Instructions to follow ▸ Once the line with "3.545705502), (10.4902, 4.287469289))" is found in the entries below, print it and each following line exactly, stopping after the line with "Line((8.737131347, 7.129408934), (5.441005833, 3.840816462))"; print nothing else.

──────── Records for this task ────────

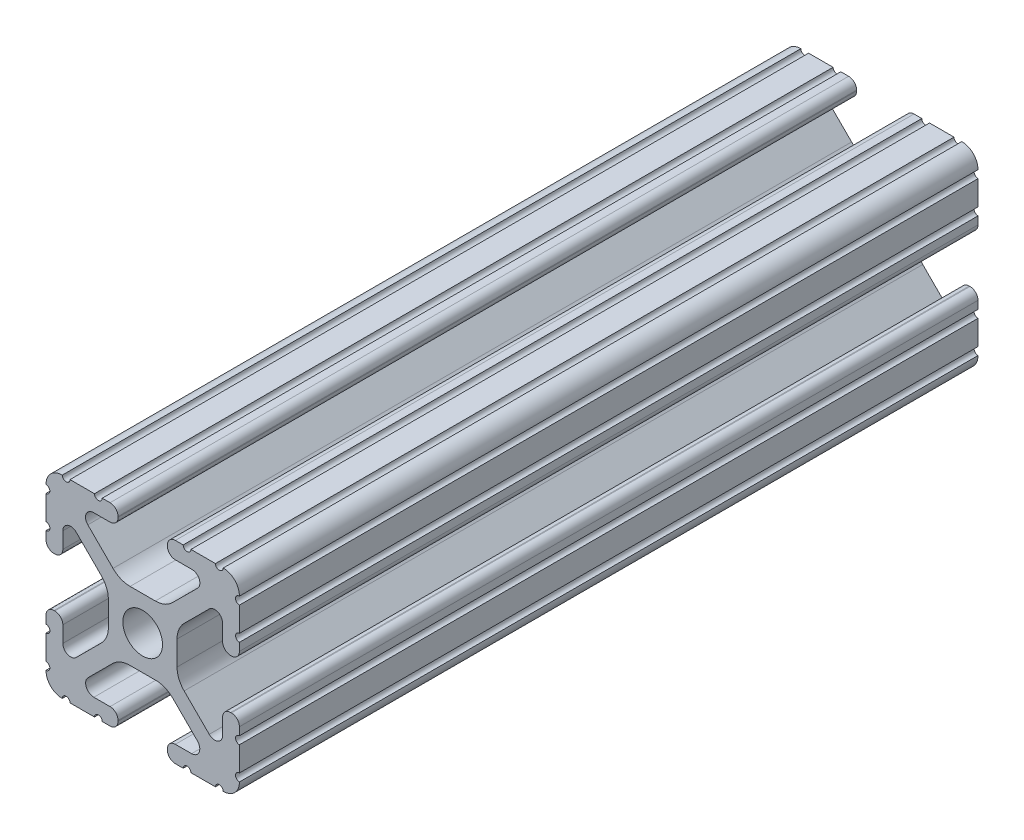
from build123d import *

# Parameters (mm, degrees)
SKETCH1_R      = 2.6035
EXTRUDE1_DEPTH = 97


with BuildPart() as part:
    # Sketch1 → Extrude1 (new body)
    with BuildSketch(Plane.XY):
        with BuildLine():
            Line((-7.207036008, 8.724370562), (-3.898272566, 5.423169045))
            ThreePointArc((-3.898272566, 5.423169045), (-2.869120213, 4.736787962), (-1.655778399, 4.4958))
            Line((-1.655778399, 4.4958), (1.655778399, 4.4958))
            ThreePointArc((1.655778399, 4.4958), (2.869120213, 4.736787962), (3.898272566, 5.423169045))
            Line((3.898272566, 5.423169045), (7.207036008, 8.724370562))
            ThreePointArc((7.207036008, 8.724370562), (7.432222385, 9.85140422), (6.476788598, 10.4902))
            Line((6.476788598, 10.4902), (4.287512407, 10.4902))
            ThreePointArc((4.287512407, 10.4902), (3.54574862, 10.79744862), (3.2385, 11.539212407))
            Line((3.2385, 11.539212407), (3.2385, 11.650987593))
            ThreePointArc((3.2385, 11.650987593), (3.54574862, 12.39275138), (4.287512407, 12.7))
            Line((4.287512407, 12.7), (5.317126718, 12.7))
            ThreePointArc((5.317126718, 12.7), (5.825126718, 12.192), (6.333126718, 12.7))
            Line((6.333126718, 12.7), (9.550443118, 12.7))
            ThreePointArc((9.550443118, 12.7), (10.058366869, 12.192000006), (10.566443095, 12.699847501))
            ThreePointArc((10.566443095, 12.699847501), (12.082537762, 12.08250727), (12.699846982, 10.566399977))
            ThreePointArc((12.699846982, 10.566399977), (12.192000006, 10.058323491), (12.7, 9.5504))
            Line((12.7, 9.5504), (12.7, 6.3330836))
            ThreePointArc((12.7, 6.3330836), (12.192, 5.8250836), (12.7, 5.3170836))
            Line((12.7, 5.3170836), (12.7, 4.287469289))
            ThreePointArc((12.7, 4.287469289), (12.39275138, 3.545705502), (11.650987593, 3.238456882))
            Line((11.650987593, 3.238456882), (11.539212407, 3.238456882))
            ThreePointArc((11.539212407, 3.238456882), (10.79744862, 3.545705502), (10.4902, 4.287469289))
            Line((10.4902, 4.287469289), (10.4902, 6.402089023))
            ThreePointArc((10.4902, 6.402089023), (9.856505071, 7.351067942), (8.737131347, 7.129408934))
            Line((8.737131347, 7.129408934), (5.441005833, 3.840816462))
            ThreePointArc((5.441005833, 3.840816462), (4.750877967, 2.809883091), (4.5085, 1.593185507))
            Line((4.5085, 1.593185507), (4.5085, -1.593185507))
            ThreePointArc((4.5085, -1.593185507), (4.750877967, -2.809883091), (5.441005833, -3.840816462))
            Line((5.441005833, -3.840816462), (8.737131347, -7.129408934))
            ThreePointArc((8.737131347, -7.129408934), (9.856505071, -7.351067942), (10.4902, -6.402089023))
            Line((10.4902, -6.402089023), (10.4902, -4.287469289))
            ThreePointArc((10.4902, -4.287469289), (10.79744862, -3.545705502), (11.539212407, -3.238456882))
            Line((11.539212407, -3.238456882), (11.650987593, -3.238456882))
            ThreePointArc((11.650987593, -3.238456882), (12.39275138, -3.545705502), (12.7, -4.287469289))
            Line((12.7, -4.287469289), (12.7, -5.3170836))
            ThreePointArc((12.7, -5.3170836), (12.192, -5.8250836), (12.7, -6.3330836))
            Line((12.7, -6.3330836), (12.7, -9.5504))
            ThreePointArc((12.7, -9.5504), (12.192000006, -10.058323491), (12.699846982, -10.566399977))
            ThreePointArc((12.699846982, -10.566399977), (12.082537762, -12.08250727), (10.566443095, -12.699847501))
            ThreePointArc((10.566443095, -12.699847501), (10.058366869, -12.192000006), (9.550443118, -12.7))
            Line((9.550443118, -12.7), (6.333126718, -12.7))
            ThreePointArc((6.333126718, -12.7), (5.825126718, -12.192), (5.317126718, -12.7))
            Line((5.317126718, -12.7), (4.287512407, -12.7))
            ThreePointArc((4.287512407, -12.7), (3.54574862, -12.39275138), (3.2385, -11.650987593))
            Line((3.2385, -11.650987593), (3.2385, -11.539212407))
            ThreePointArc((3.2385, -11.539212407), (3.54574862, -10.79744862), (4.287512407, -10.4902))
            Line((4.287512407, -10.4902), (6.416408329, -10.4902))
            ThreePointArc((6.416408329, -10.4902), (7.41473083, -9.822813117), (7.179650497, -8.645192506))
            Line((7.179650497, -8.645192506), (3.952270251, -5.423690499))
            ThreePointArc((3.952270251, -5.423690499), (2.922936451, -4.736929036), (1.709253557, -4.4958))
            Line((1.709253557, -4.4958), (-1.709253557, -4.4958))
            ThreePointArc((-1.709253557, -4.4958), (-2.922936451, -4.736929036), (-3.952270251, -5.423690499))
            Line((-3.952270251, -5.423690499), (-7.179650497, -8.645192506))
            ThreePointArc((-7.179650497, -8.645192506), (-7.41473083, -9.822813117), (-6.416408329, -10.4902))
            Line((-6.416408329, -10.4902), (-4.287512407, -10.4902))
            ThreePointArc((-4.287512407, -10.4902), (-3.54574862, -10.79744862), (-3.2385, -11.539212407))
            Line((-3.2385, -11.539212407), (-3.2385, -11.650987593))
            ThreePointArc((-3.2385, -11.650987593), (-3.54574862, -12.39275138), (-4.287512407, -12.7))
            Line((-4.287512407, -12.7), (-5.317126718, -12.7))
            ThreePointArc((-5.317126718, -12.7), (-5.825126718, -12.192), (-6.333126718, -12.7))
            Line((-6.333126718, -12.7), (-9.550443118, -12.7))
            ThreePointArc((-9.550443118, -12.7), (-10.058366869, -12.192000006), (-10.566443095, -12.699847501))
            ThreePointArc((-10.566443095, -12.699847501), (-12.082537762, -12.08250727), (-12.699846982, -10.566399977))
            ThreePointArc((-12.699846982, -10.566399977), (-12.192000006, -10.058323491), (-12.7, -9.5504))
            Line((-12.7, -9.5504), (-12.7, -6.3330836))
            ThreePointArc((-12.7, -6.3330836), (-12.192, -5.8250836), (-12.7, -5.3170836))
            Line((-12.7, -5.3170836), (-12.7, -4.287469289))
            ThreePointArc((-12.7, -4.287469289), (-12.39275138, -3.545705502), (-11.650987593, -3.238456882))
            Line((-11.650987593, -3.238456882), (-11.539212407, -3.238456882))
            ThreePointArc((-11.539212407, -3.238456882), (-10.79744862, -3.545705502), (-10.4902, -4.287469289))
            Line((-10.4902, -4.287469289), (-10.4902, -6.402089023))
            ThreePointArc((-10.4902, -6.402089023), (-9.856505071, -7.351067942), (-8.737131347, -7.129408934))
            Line((-8.737131347, -7.129408934), (-5.441005833, -3.840816462))
            ThreePointArc((-5.441005833, -3.840816462), (-4.750877967, -2.809883091), (-4.5085, -1.593185507))
            Line((-4.5085, -1.593185507), (-4.5085, 1.593185507))
            ThreePointArc((-4.5085, 1.593185507), (-4.750877967, 2.809883091), (-5.441005833, 3.840816462))
            Line((-5.441005833, 3.840816462), (-8.737131347, 7.129408934))
            ThreePointArc((-8.737131347, 7.129408934), (-9.856505071, 7.351067942), (-10.4902, 6.402089023))
            Line((-10.4902, 6.402089023), (-10.4902, 4.287469289))
            ThreePointArc((-10.4902, 4.287469289), (-10.79744862, 3.545705502), (-11.539212407, 3.238456882))
            Line((-11.539212407, 3.238456882), (-11.650987593, 3.238456882))
            ThreePointArc((-11.650987593, 3.238456882), (-12.39275138, 3.545705502), (-12.7, 4.287469289))
            Line((-12.7, 4.287469289), (-12.7, 5.3170836))
            ThreePointArc((-12.7, 5.3170836), (-12.192, 5.8250836), (-12.7, 6.3330836))
            Line((-12.7, 6.3330836), (-12.7, 9.5504))
            ThreePointArc((-12.7, 9.5504), (-12.192000006, 10.058323491), (-12.699846982, 10.566399977))
            ThreePointArc((-12.699846982, 10.566399977), (-12.082537762, 12.08250727), (-10.566443095, 12.699847501))
            ThreePointArc((-10.566443095, 12.699847501), (-10.058366869, 12.192000006), (-9.550443118, 12.7))
            Line((-9.550443118, 12.7), (-6.333126718, 12.7))
            ThreePointArc((-6.333126718, 12.7), (-5.825126718, 12.192), (-5.317126718, 12.7))
            Line((-5.317126718, 12.7), (-4.287512407, 12.7))
            ThreePointArc((-4.287512407, 12.7), (-3.54574862, 12.39275138), (-3.2385, 11.650987593))
            Line((-3.2385, 11.650987593), (-3.2385, 11.539212407))
            ThreePointArc((-3.2385, 11.539212407), (-3.54574862, 10.79744862), (-4.287512407, 10.4902))
            Line((-4.287512407, 10.4902), (-6.476788598, 10.4902))
            ThreePointArc((-6.476788598, 10.4902), (-7.432222385, 9.85140422), (-7.207036008, 8.724370562))
        make_face()
        Circle(SKETCH1_R, mode=Mode.SUBTRACT)
    extrude(amount=-EXTRUDE1_DEPTH)


solid = part.part

────────

Solution for this exercise ▸
            ThreePointArc((11.539212407, 3.238456882), (10.79744862, 3.545705502), (10.4902, 4.287469289))
            Line((10.4902, 4.287469289), (10.4902, 6.402089023))
            ThreePointArc((10.4902, 6.402089023), (9.856505071, 7.351067942), (8.737131347, 7.129408934))
            Line((8.737131347, 7.129408934), (5.441005833, 3.840816462))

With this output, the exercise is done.